Provided material
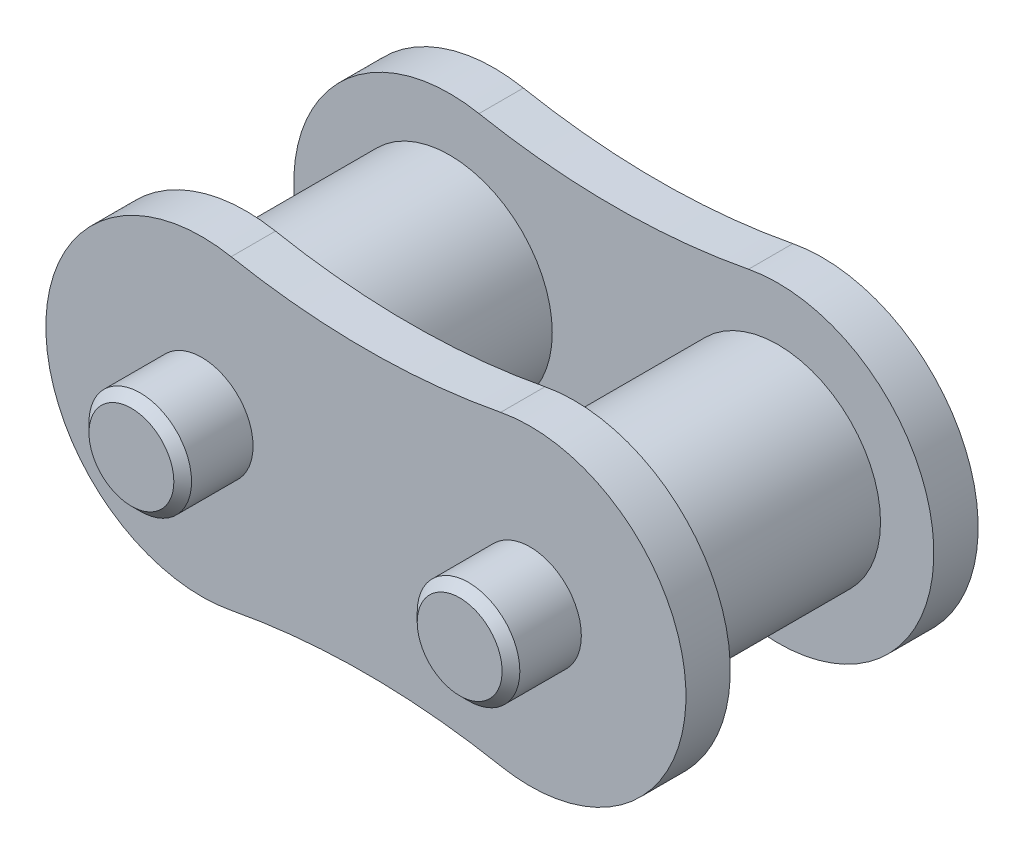
ISO-10303-21;
HEADER;
FILE_DESCRIPTION(('STEP AP214'),'2;1');
FILE_NAME('part.step','',(''),(''),'','','');
FILE_SCHEMA(('AUTOMOTIVE_DESIGN { 1 0 10303 214 1 1 1 1 }'));
ENDSEC;
DATA;
#1=APPLICATION_CONTEXT('core data for automotive mechanical design processes');
#2=APPLICATION_PROTOCOL_DEFINITION('international standard','automotive_design',2000,#1);
#3=PRODUCT_CONTEXT('',#1,'mechanical');
#4=PRODUCT('Part','Part','',(#3));
#5=PRODUCT_RELATED_PRODUCT_CATEGORY('part','',(#4));
#6=PRODUCT_DEFINITION_FORMATION('','',#4);
#7=PRODUCT_DEFINITION_CONTEXT('part definition',#1,'design');
#8=PRODUCT_DEFINITION('design','',#6,#7);
#9=PRODUCT_DEFINITION_SHAPE('','',#8);
#10=(LENGTH_UNIT() NAMED_UNIT(*) SI_UNIT(.MILLI.,.METRE.));
#11=(NAMED_UNIT(*) PLANE_ANGLE_UNIT() SI_UNIT($,.RADIAN.));
#12=(NAMED_UNIT(*) SI_UNIT($,.STERADIAN.) SOLID_ANGLE_UNIT());
#13=UNCERTAINTY_MEASURE_WITH_UNIT(LENGTH_MEASURE(1.E-05),#10,'distance_accuracy_value','');
#14=(GEOMETRIC_REPRESENTATION_CONTEXT(3) GLOBAL_UNCERTAINTY_ASSIGNED_CONTEXT((#13)) GLOBAL_UNIT_ASSIGNED_CONTEXT((#10,
#11,#12)) REPRESENTATION_CONTEXT('',''));
#15=CARTESIAN_POINT('',(0.,0.,0.));
#16=DIRECTION('',(0.,0.,1.));
#17=DIRECTION('',(1.,0.,0.));
#18=AXIS2_PLACEMENT_3D('',#15,#16,#17);
#19=CARTESIAN_POINT('',(-6.35,-33.119427631579,7.875));
#20=DIRECTION('',(0.,0.,1.));
#21=DIRECTION('',(1.,0.,0.));
#22=AXIS2_PLACEMENT_3D('',#19,#20,#21);
#23=PLANE('',#22);
#24=CARTESIAN_POINT('',(12.7,0.,7.875));
#25=DIRECTION('',(0.,0.,1.));
#26=DIRECTION('',(1.,0.,0.));
#27=AXIS2_PLACEMENT_3D('',#24,#25,#26);
#28=CIRCLE('',#27,7.94);
#29=CARTESIAN_POINT('',(20.64,0.,7.875));
#30=VERTEX_POINT('',#29);
#31=EDGE_CURVE('E176',#30,#30,#28,.T.);
#32=ORIENTED_EDGE('',*,*,#31,.T.);
#33=EDGE_LOOP('',(#32));
#34=FACE_BOUND('',#33,.T.);
#35=CARTESIAN_POINT('',(0.,-66.238855263158,7.875));
#36=DIRECTION('',(0.,0.,-1.));
#37=DIRECTION('',(1.,0.,0.));
#38=AXIS2_PLACEMENT_3D('',#35,#36,#37);
#39=CIRCLE('',#38,55.380355263158);
#40=CARTESIAN_POINT('',(-10.4281534154258,-11.8491745744655,7.875));
#41=VERTEX_POINT('',#40);
#42=CARTESIAN_POINT('',(10.4281534154258,-11.8491745744654,7.875));
#43=VERTEX_POINT('',#42);
#44=EDGE_CURVE('E155',#41,#43,#39,.T.);
#45=ORIENTED_EDGE('',*,*,#44,.F.);
#46=CARTESIAN_POINT('',(-12.7,0.,7.875));
#47=DIRECTION('',(0.,0.,1.));
#48=DIRECTION('',(1.,0.,0.));
#49=AXIS2_PLACEMENT_3D('',#46,#47,#48);
#50=CIRCLE('',#49,12.065);
#51=CARTESIAN_POINT('',(-10.4281534154258,11.8491745744655,7.875));
#52=VERTEX_POINT('',#51);
#53=EDGE_CURVE('E71',#52,#41,#50,.T.);
#54=ORIENTED_EDGE('',*,*,#53,.F.);
#55=CARTESIAN_POINT('',(0.,66.238855263158,7.875));
#56=DIRECTION('',(0.,0.,-1.));
#57=DIRECTION('',(1.,0.,0.));
#58=AXIS2_PLACEMENT_3D('',#55,#56,#57);
#59=CIRCLE('',#58,55.380355263158);
#60=CARTESIAN_POINT('',(10.4281534154258,11.8491745744655,7.875));
#61=VERTEX_POINT('',#60);
#62=EDGE_CURVE('E65',#61,#52,#59,.T.);
#63=ORIENTED_EDGE('',*,*,#62,.F.);
#64=CARTESIAN_POINT('',(12.7,0.,7.875));
#65=DIRECTION('',(0.,0.,1.));
#66=DIRECTION('',(1.,0.,0.));
#67=AXIS2_PLACEMENT_3D('',#64,#65,#66);
#68=CIRCLE('',#67,12.065);
#69=EDGE_CURVE('E165',#43,#61,#68,.T.);
#70=ORIENTED_EDGE('',*,*,#69,.F.);
#71=EDGE_LOOP('',(#45,#54,#63,#70));
#72=FACE_BOUND('',#71,.T.);
#73=CARTESIAN_POINT('',(-12.7,0.,7.875));
#74=DIRECTION('',(0.,0.,1.));
#75=DIRECTION('',(1.,0.,0.));
#76=AXIS2_PLACEMENT_3D('',#73,#74,#75);
#77=CIRCLE('',#76,7.94);
#78=CARTESIAN_POINT('',(-4.76,0.,7.875));
#79=VERTEX_POINT('',#78);
#80=EDGE_CURVE('E179',#79,#79,#77,.F.);
#81=ORIENTED_EDGE('',*,*,#80,.F.);
#82=EDGE_LOOP('',(#81));
#83=FACE_BOUND('',#82,.T.);
#84=ADVANCED_FACE('F30',(#34,#72,#83),#23,.F.);
#85=CARTESIAN_POINT('',(12.7,0.,7.875));
#86=DIRECTION('',(0.,0.,-1.));
#87=DIRECTION('',(-1.,0.,0.));
#88=AXIS2_PLACEMENT_3D('',#85,#86,#87);
#89=CYLINDRICAL_SURFACE('',#88,7.94);
#90=ORIENTED_EDGE('',*,*,#31,.F.);
#91=EDGE_LOOP('',(#90));
#92=FACE_BOUND('',#91,.T.);
#93=CARTESIAN_POINT('',(12.7,0.,-7.875));
#94=DIRECTION('',(0.,0.,-1.));
#95=DIRECTION('',(-1.,0.,0.));
#96=AXIS2_PLACEMENT_3D('',#93,#94,#95);
#97=CIRCLE('',#96,7.94);
#98=CARTESIAN_POINT('',(4.76,0.,-7.875));
#99=VERTEX_POINT('',#98);
#100=EDGE_CURVE('E152',#99,#99,#97,.T.);
#101=ORIENTED_EDGE('',*,*,#100,.F.);
#102=EDGE_LOOP('',(#101));
#103=FACE_BOUND('',#102,.T.);
#104=ADVANCED_FACE('F222',(#92,#103),#89,.T.);
#105=CARTESIAN_POINT('',(0.,-66.238855263158,11.305));
#106=DIRECTION('',(0.,0.,-1.));
#107=DIRECTION('',(-1.,0.,0.));
#108=AXIS2_PLACEMENT_3D('',#105,#106,#107);
#109=CYLINDRICAL_SURFACE('',#108,55.380355263158);
#110=ORIENTED_EDGE('',*,*,#44,.T.);
#111=DIRECTION('',(0.,0.,-1.));
#112=VECTOR('',#111,1.);
#113=CARTESIAN_POINT('',(10.4281534154258,-11.8491745744654,11.305));
#114=LINE('',#113,#112);
#115=CARTESIAN_POINT('',(10.4281534154258,-11.8491745744654,11.305));
#116=VERTEX_POINT('',#115);
#117=EDGE_CURVE('E174',#116,#43,#114,.T.);
#118=ORIENTED_EDGE('',*,*,#117,.F.);
#119=CARTESIAN_POINT('',(0.,-66.238855263158,11.305));
#120=DIRECTION('',(0.,0.,-1.));
#121=DIRECTION('',(1.,0.,0.));
#122=AXIS2_PLACEMENT_3D('',#119,#120,#121);
#123=CIRCLE('',#122,55.380355263158);
#124=CARTESIAN_POINT('',(-10.4281534154258,-11.8491745744655,11.305));
#125=VERTEX_POINT('',#124);
#126=EDGE_CURVE('E156',#125,#116,#123,.T.);
#127=ORIENTED_EDGE('',*,*,#126,.F.);
#128=DIRECTION('',(0.,0.,-1.));
#129=VECTOR('',#128,1.);
#130=CARTESIAN_POINT('',(-10.4281534154258,-11.8491745744655,11.305));
#131=LINE('',#130,#129);
#132=EDGE_CURVE('E162',#125,#41,#131,.T.);
#133=ORIENTED_EDGE('',*,*,#132,.T.);
#134=EDGE_LOOP('',(#110,#118,#127,#133));
#135=FACE_BOUND('',#134,.T.);
#136=ADVANCED_FACE('F228',(#135),#109,.F.);
#137=CARTESIAN_POINT('',(12.7,0.,11.305));
#138=DIRECTION('',(0.,0.,-1.));
#139=DIRECTION('',(-1.,0.,0.));
#140=AXIS2_PLACEMENT_3D('',#137,#138,#139);
#141=CYLINDRICAL_SURFACE('',#140,12.065);
#142=ORIENTED_EDGE('',*,*,#69,.T.);
#143=DIRECTION('',(0.,0.,-1.));
#144=VECTOR('',#143,1.);
#145=CARTESIAN_POINT('',(10.4281534154258,11.8491745744655,11.305));
#146=LINE('',#145,#144);
#147=CARTESIAN_POINT('',(10.4281534154258,11.8491745744655,11.305));
#148=VERTEX_POINT('',#147);
#149=EDGE_CURVE('E172',#148,#61,#146,.T.);
#150=ORIENTED_EDGE('',*,*,#149,.F.);
#151=CARTESIAN_POINT('',(12.7,0.,11.305));
#152=DIRECTION('',(0.,0.,1.));
#153=DIRECTION('',(1.,0.,0.));
#154=AXIS2_PLACEMENT_3D('',#151,#152,#153);
#155=CIRCLE('',#154,12.065);
#156=EDGE_CURVE('E79',#116,#148,#155,.T.);
#157=ORIENTED_EDGE('',*,*,#156,.F.);
#158=ORIENTED_EDGE('',*,*,#117,.T.);
#159=EDGE_LOOP('',(#142,#150,#157,#158));
#160=FACE_BOUND('',#159,.T.);
#161=ADVANCED_FACE('F242',(#160),#141,.T.);
#162=CARTESIAN_POINT('',(0.,66.238855263158,11.305));
#163=DIRECTION('',(0.,0.,-1.));
#164=DIRECTION('',(-1.,0.,0.));
#165=AXIS2_PLACEMENT_3D('',#162,#163,#164);
#166=CYLINDRICAL_SURFACE('',#165,55.380355263158);
#167=ORIENTED_EDGE('',*,*,#62,.T.);
#168=DIRECTION('',(0.,0.,-1.));
#169=VECTOR('',#168,1.);
#170=CARTESIAN_POINT('',(-10.4281534154258,11.8491745744655,11.305));
#171=LINE('',#170,#169);
#172=CARTESIAN_POINT('',(-10.4281534154258,11.8491745744655,11.305));
#173=VERTEX_POINT('',#172);
#174=EDGE_CURVE('E170',#173,#52,#171,.T.);
#175=ORIENTED_EDGE('',*,*,#174,.F.);
#176=CARTESIAN_POINT('',(0.,66.238855263158,11.305));
#177=DIRECTION('',(0.,0.,-1.));
#178=DIRECTION('',(1.,0.,0.));
#179=AXIS2_PLACEMENT_3D('',#176,#177,#178);
#180=CIRCLE('',#179,55.380355263158);
#181=EDGE_CURVE('E159',#148,#173,#180,.T.);
#182=ORIENTED_EDGE('',*,*,#181,.F.);
#183=ORIENTED_EDGE('',*,*,#149,.T.);
#184=EDGE_LOOP('',(#167,#175,#182,#183));
#185=FACE_BOUND('',#184,.T.);
#186=ADVANCED_FACE('F239',(#185),#166,.F.);
#187=CARTESIAN_POINT('',(-12.7,0.,11.305));
#188=DIRECTION('',(0.,0.,-1.));
#189=DIRECTION('',(-1.,0.,0.));
#190=AXIS2_PLACEMENT_3D('',#187,#188,#189);
#191=CYLINDRICAL_SURFACE('',#190,12.065);
#192=ORIENTED_EDGE('',*,*,#53,.T.);
#193=ORIENTED_EDGE('',*,*,#132,.F.);
#194=CARTESIAN_POINT('',(-12.7,0.,11.305));
#195=DIRECTION('',(0.,0.,1.));
#196=DIRECTION('',(1.,0.,0.));
#197=AXIS2_PLACEMENT_3D('',#194,#195,#196);
#198=CIRCLE('',#197,12.065);
#199=EDGE_CURVE('E47',#173,#125,#198,.T.);
#200=ORIENTED_EDGE('',*,*,#199,.F.);
#201=ORIENTED_EDGE('',*,*,#174,.T.);
#202=EDGE_LOOP('',(#192,#193,#200,#201));
#203=FACE_BOUND('',#202,.T.);
#204=ADVANCED_FACE('F236',(#203),#191,.T.);
#205=CARTESIAN_POINT('',(-6.35,-33.119427631579,11.305));
#206=DIRECTION('',(0.,0.,1.));
#207=DIRECTION('',(1.,0.,0.));
#208=AXIS2_PLACEMENT_3D('',#205,#206,#207);
#209=PLANE('',#208);
#210=CARTESIAN_POINT('',(-12.7,0.,11.305));
#211=DIRECTION('',(0.,0.,1.));
#212=DIRECTION('',(1.,0.,0.));
#213=AXIS2_PLACEMENT_3D('',#210,#211,#212);
#214=CIRCLE('',#213,3.97);
#215=CARTESIAN_POINT('',(-8.73,0.,11.305));
#216=VERTEX_POINT('',#215);
#217=EDGE_CURVE('E189',#216,#216,#214,.T.);
#218=ORIENTED_EDGE('',*,*,#217,.F.);
#219=EDGE_LOOP('',(#218));
#220=FACE_BOUND('',#219,.T.);
#221=CARTESIAN_POINT('',(12.7,0.,11.305));
#222=DIRECTION('',(0.,0.,1.));
#223=DIRECTION('',(1.,0.,0.));
#224=AXIS2_PLACEMENT_3D('',#221,#222,#223);
#225=CIRCLE('',#224,3.97);
#226=CARTESIAN_POINT('',(16.67,0.,11.305));
#227=VERTEX_POINT('',#226);
#228=EDGE_CURVE('E185',#227,#227,#225,.T.);
#229=ORIENTED_EDGE('',*,*,#228,.F.);
#230=EDGE_LOOP('',(#229));
#231=FACE_BOUND('',#230,.T.);
#232=ORIENTED_EDGE('',*,*,#126,.T.);
#233=ORIENTED_EDGE('',*,*,#156,.T.);
#234=ORIENTED_EDGE('',*,*,#181,.T.);
#235=ORIENTED_EDGE('',*,*,#199,.T.);
#236=EDGE_LOOP('',(#232,#233,#234,#235));
#237=FACE_BOUND('',#236,.T.);
#238=ADVANCED_FACE('F234',(#220,#231,#237),#209,.T.);
#239=CARTESIAN_POINT('',(-12.7,0.,7.875));
#240=DIRECTION('',(0.,0.,-1.));
#241=DIRECTION('',(-1.,0.,0.));
#242=AXIS2_PLACEMENT_3D('',#239,#240,#241);
#243=CYLINDRICAL_SURFACE('',#242,7.94);
#244=ORIENTED_EDGE('',*,*,#80,.T.);
#245=EDGE_LOOP('',(#244));
#246=FACE_BOUND('',#245,.T.);
#247=CARTESIAN_POINT('',(-12.7,0.,-7.875));
#248=DIRECTION('',(0.,0.,-1.));
#249=DIRECTION('',(-1.,0.,0.));
#250=AXIS2_PLACEMENT_3D('',#247,#248,#249);
#251=CIRCLE('',#250,7.94);
#252=CARTESIAN_POINT('',(-20.64,0.,-7.875));
#253=VERTEX_POINT('',#252);
#254=EDGE_CURVE('E117',#253,#253,#251,.T.);
#255=ORIENTED_EDGE('',*,*,#254,.F.);
#256=EDGE_LOOP('',(#255));
#257=FACE_BOUND('',#256,.T.);
#258=ADVANCED_FACE('F288',(#246,#257),#243,.T.);
#259=CARTESIAN_POINT('',(-6.35,-33.119427631579,-7.875));
#260=DIRECTION('',(0.,0.,-1.));
#261=DIRECTION('',(1.,0.,0.));
#262=AXIS2_PLACEMENT_3D('',#259,#260,#261);
#263=PLANE('',#262);
#264=ORIENTED_EDGE('',*,*,#254,.T.);
#265=EDGE_LOOP('',(#264));
#266=FACE_BOUND('',#265,.T.);
#267=CARTESIAN_POINT('',(0.,-66.238855263158,-7.875));
#268=DIRECTION('',(0.,0.,-1.));
#269=DIRECTION('',(1.,0.,0.));
#270=AXIS2_PLACEMENT_3D('',#267,#268,#269);
#271=CIRCLE('',#270,55.380355263158);
#272=CARTESIAN_POINT('',(-10.4281534154258,-11.8491745744655,-7.875));
#273=VERTEX_POINT('',#272);
#274=CARTESIAN_POINT('',(10.4281534154258,-11.8491745744654,-7.875));
#275=VERTEX_POINT('',#274);
#276=EDGE_CURVE('E112',#273,#275,#271,.T.);
#277=ORIENTED_EDGE('',*,*,#276,.T.);
#278=CARTESIAN_POINT('',(12.7,0.,-7.875));
#279=DIRECTION('',(0.,0.,1.));
#280=DIRECTION('',(1.,0.,0.));
#281=AXIS2_PLACEMENT_3D('',#278,#279,#280);
#282=CIRCLE('',#281,12.065);
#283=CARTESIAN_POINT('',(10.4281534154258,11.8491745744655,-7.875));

Exercise prompt
Reproduce exactly the lines above from the line with "#33=EDGE_LOOP('',(#32));" to the line with "#77=CIRCLE('',#76,7.94);", including both, and add nothing.

Answer for the task
#33=EDGE_LOOP('',(#32));
#34=FACE_BOUND('',#33,.T.);
#35=CARTESIAN_POINT('',(0.,-66.238855263158,7.875));
#36=DIRECTION('',(0.,0.,-1.));
#37=DIRECTION('',(1.,0.,0.));
#38=AXIS2_PLACEMENT_3D('',#35,#36,#37);
#39=CIRCLE('',#38,55.380355263158);
#40=CARTESIAN_POINT('',(-10.4281534154258,-11.8491745744655,7.875));
#41=VERTEX_POINT('',#40);
#42=CARTESIAN_POINT('',(10.4281534154258,-11.8491745744654,7.875));
#43=VERTEX_POINT('',#42);
#44=EDGE_CURVE('E155',#41,#43,#39,.T.);
#45=ORIENTED_EDGE('',*,*,#44,.F.);
#46=CARTESIAN_POINT('',(-12.7,0.,7.875));
#47=DIRECTION('',(0.,0.,1.));
#48=DIRECTION('',(1.,0.,0.));
#49=AXIS2_PLACEMENT_3D('',#46,#47,#48);
#50=CIRCLE('',#49,12.065);
#51=CARTESIAN_POINT('',(-10.4281534154258,11.8491745744655,7.875));
#52=VERTEX_POINT('',#51);
#53=EDGE_CURVE('E71',#52,#41,#50,.T.);
#54=ORIENTED_EDGE('',*,*,#53,.F.);
#55=CARTESIAN_POINT('',(0.,66.238855263158,7.875));
#56=DIRECTION('',(0.,0.,-1.));
#57=DIRECTION('',(1.,0.,0.));
#58=AXIS2_PLACEMENT_3D('',#55,#56,#57);
#59=CIRCLE('',#58,55.380355263158);
#60=CARTESIAN_POINT('',(10.4281534154258,11.8491745744655,7.875));
#61=VERTEX_POINT('',#60);
#62=EDGE_CURVE('E65',#61,#52,#59,.T.);
#63=ORIENTED_EDGE('',*,*,#62,.F.);
#64=CARTESIAN_POINT('',(12.7,0.,7.875));
#65=DIRECTION('',(0.,0.,1.));
#66=DIRECTION('',(1.,0.,0.));
#67=AXIS2_PLACEMENT_3D('',#64,#65,#66);
#68=CIRCLE('',#67,12.065);
#69=EDGE_CURVE('E165',#43,#61,#68,.T.);
#70=ORIENTED_EDGE('',*,*,#69,.F.);
#71=EDGE_LOOP('',(#45,#54,#63,#70));
#72=FACE_BOUND('',#71,.T.);
#73=CARTESIAN_POINT('',(-12.7,0.,7.875));
#74=DIRECTION('',(0.,0.,1.));
#75=DIRECTION('',(1.,0.,0.));
#76=AXIS2_PLACEMENT_3D('',#73,#74,#75);
#77=CIRCLE('',#76,7.94);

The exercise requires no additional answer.